After seeing all the articles on the web I began to wonder why so many others were having issues. See, from my side of the fence the grass is green and life is good, and not just for me but also for the thousands of people that have taken our Lacto-fermenting Classes. Honestly, we get very few reports of problems and I have figured out why!

We know the secrets of good lacto-fermenting… and now you will too!

Secret #1 – Organic Vegetables, “Who needs ’em?!”

Fermenting blog after fermenting blog says you have to use organic vegetables. The reasoning behind this is that only organic vegetables will have the lacto-bacilli still intact for the fermenting. Here is my secret. I use some non-organic vegetables to ferment and get better results than using organic. Give me a chance to explain. I have done the research and found that many vegetables that are not organic are not sprayed or very lightly sprayed with pesticides and if I take out the ones that are known GMO’s, then I find there are still many good vegetables that are non-organic.

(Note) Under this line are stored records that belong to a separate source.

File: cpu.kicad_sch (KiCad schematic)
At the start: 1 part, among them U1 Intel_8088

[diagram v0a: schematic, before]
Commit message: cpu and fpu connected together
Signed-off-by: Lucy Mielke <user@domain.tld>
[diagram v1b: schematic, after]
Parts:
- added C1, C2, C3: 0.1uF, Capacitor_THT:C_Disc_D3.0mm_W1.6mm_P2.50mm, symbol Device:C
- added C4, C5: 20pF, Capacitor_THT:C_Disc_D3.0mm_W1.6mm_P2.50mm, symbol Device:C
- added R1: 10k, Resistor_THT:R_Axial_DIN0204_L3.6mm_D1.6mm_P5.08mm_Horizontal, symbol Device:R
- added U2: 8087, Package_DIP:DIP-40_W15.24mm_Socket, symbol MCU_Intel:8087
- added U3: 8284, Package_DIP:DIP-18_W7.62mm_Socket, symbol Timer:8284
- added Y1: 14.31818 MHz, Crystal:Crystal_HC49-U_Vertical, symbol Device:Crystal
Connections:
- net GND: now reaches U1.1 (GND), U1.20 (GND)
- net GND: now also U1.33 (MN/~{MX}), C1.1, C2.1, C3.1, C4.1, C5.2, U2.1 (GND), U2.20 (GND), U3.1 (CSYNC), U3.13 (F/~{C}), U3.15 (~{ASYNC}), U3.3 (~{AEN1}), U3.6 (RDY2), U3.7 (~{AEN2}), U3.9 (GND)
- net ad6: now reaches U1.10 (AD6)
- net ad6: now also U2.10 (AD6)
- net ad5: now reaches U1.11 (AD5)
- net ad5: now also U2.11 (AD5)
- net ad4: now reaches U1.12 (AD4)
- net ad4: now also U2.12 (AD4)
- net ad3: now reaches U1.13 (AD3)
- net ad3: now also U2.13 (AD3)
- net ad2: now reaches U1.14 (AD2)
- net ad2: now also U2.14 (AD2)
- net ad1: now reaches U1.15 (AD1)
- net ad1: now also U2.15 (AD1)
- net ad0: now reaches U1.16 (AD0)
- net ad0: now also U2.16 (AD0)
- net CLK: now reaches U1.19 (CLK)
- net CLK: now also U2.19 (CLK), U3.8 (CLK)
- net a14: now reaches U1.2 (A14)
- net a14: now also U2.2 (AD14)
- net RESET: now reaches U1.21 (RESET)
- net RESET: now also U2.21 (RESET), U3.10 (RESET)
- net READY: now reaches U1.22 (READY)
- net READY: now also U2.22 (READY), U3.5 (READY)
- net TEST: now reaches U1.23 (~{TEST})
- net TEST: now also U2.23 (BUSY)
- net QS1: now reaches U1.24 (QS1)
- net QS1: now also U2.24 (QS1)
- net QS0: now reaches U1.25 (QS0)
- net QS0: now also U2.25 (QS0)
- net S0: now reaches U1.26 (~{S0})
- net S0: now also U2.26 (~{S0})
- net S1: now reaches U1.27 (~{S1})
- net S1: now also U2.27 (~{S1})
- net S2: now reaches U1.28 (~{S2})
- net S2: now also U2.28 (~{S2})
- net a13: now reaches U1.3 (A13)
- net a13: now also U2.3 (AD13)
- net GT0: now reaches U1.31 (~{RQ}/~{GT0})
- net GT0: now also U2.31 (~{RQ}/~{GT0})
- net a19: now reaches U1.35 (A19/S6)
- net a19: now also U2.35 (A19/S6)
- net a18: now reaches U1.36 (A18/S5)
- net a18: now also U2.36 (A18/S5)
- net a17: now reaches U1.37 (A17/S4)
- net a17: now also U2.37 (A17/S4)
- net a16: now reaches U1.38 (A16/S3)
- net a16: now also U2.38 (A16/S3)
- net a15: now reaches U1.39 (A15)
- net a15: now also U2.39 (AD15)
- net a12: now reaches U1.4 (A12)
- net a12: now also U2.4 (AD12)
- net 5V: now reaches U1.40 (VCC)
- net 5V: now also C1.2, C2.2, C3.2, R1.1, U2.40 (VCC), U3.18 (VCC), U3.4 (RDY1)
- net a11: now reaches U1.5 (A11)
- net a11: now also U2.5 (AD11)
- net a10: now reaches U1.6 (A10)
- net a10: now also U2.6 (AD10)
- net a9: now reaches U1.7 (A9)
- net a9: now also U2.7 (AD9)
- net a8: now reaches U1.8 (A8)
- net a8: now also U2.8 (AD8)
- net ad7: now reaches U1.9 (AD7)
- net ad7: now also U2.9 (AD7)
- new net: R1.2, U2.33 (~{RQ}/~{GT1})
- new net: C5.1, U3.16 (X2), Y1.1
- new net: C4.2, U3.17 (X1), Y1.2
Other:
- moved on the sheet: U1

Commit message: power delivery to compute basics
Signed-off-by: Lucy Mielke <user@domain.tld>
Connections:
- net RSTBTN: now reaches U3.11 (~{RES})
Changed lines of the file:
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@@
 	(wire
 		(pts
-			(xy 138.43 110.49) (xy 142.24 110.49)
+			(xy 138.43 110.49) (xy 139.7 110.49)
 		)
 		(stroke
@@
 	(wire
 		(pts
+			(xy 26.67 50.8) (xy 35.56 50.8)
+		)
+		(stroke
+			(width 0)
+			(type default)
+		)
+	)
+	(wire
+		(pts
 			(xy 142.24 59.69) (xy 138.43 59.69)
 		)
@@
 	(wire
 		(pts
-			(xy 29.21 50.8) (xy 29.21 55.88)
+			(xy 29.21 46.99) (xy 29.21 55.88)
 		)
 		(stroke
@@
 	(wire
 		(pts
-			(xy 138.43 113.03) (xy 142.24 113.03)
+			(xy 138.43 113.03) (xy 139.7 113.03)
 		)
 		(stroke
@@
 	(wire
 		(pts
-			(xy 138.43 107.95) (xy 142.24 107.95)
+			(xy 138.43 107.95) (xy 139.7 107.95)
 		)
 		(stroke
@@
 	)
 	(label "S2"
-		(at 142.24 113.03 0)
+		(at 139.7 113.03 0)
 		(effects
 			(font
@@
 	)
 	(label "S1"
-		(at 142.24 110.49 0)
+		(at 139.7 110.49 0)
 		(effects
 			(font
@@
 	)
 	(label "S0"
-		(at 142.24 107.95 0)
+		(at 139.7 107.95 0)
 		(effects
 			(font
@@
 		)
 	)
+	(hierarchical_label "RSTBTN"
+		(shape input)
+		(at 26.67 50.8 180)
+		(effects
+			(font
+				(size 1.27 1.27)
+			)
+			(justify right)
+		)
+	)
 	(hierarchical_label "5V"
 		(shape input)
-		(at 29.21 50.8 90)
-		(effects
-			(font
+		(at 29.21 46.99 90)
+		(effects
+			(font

I know you are asking “Which vegetables are okay in a non-organic form?” If you take a look at the EWG list of pesticide sprayed vegetables you find many that are very lightly sprayed, if even sprayed at all. Cabbage barely makes the list! It is sprayed so little! I actually find that my sauerkraut comes out great time after time using regular, non-organic cabbage. Some other non-organic vegetables that have worked great for me are asparagus, onions, cauliflower, and green beans (turns out these vegetables are rarely sprayed as well). This allows me to save the money for the heavily sprayed vegetables like peppers, and cucumbers for pickles.

Secret #2 – Water Can Hinder Your Results.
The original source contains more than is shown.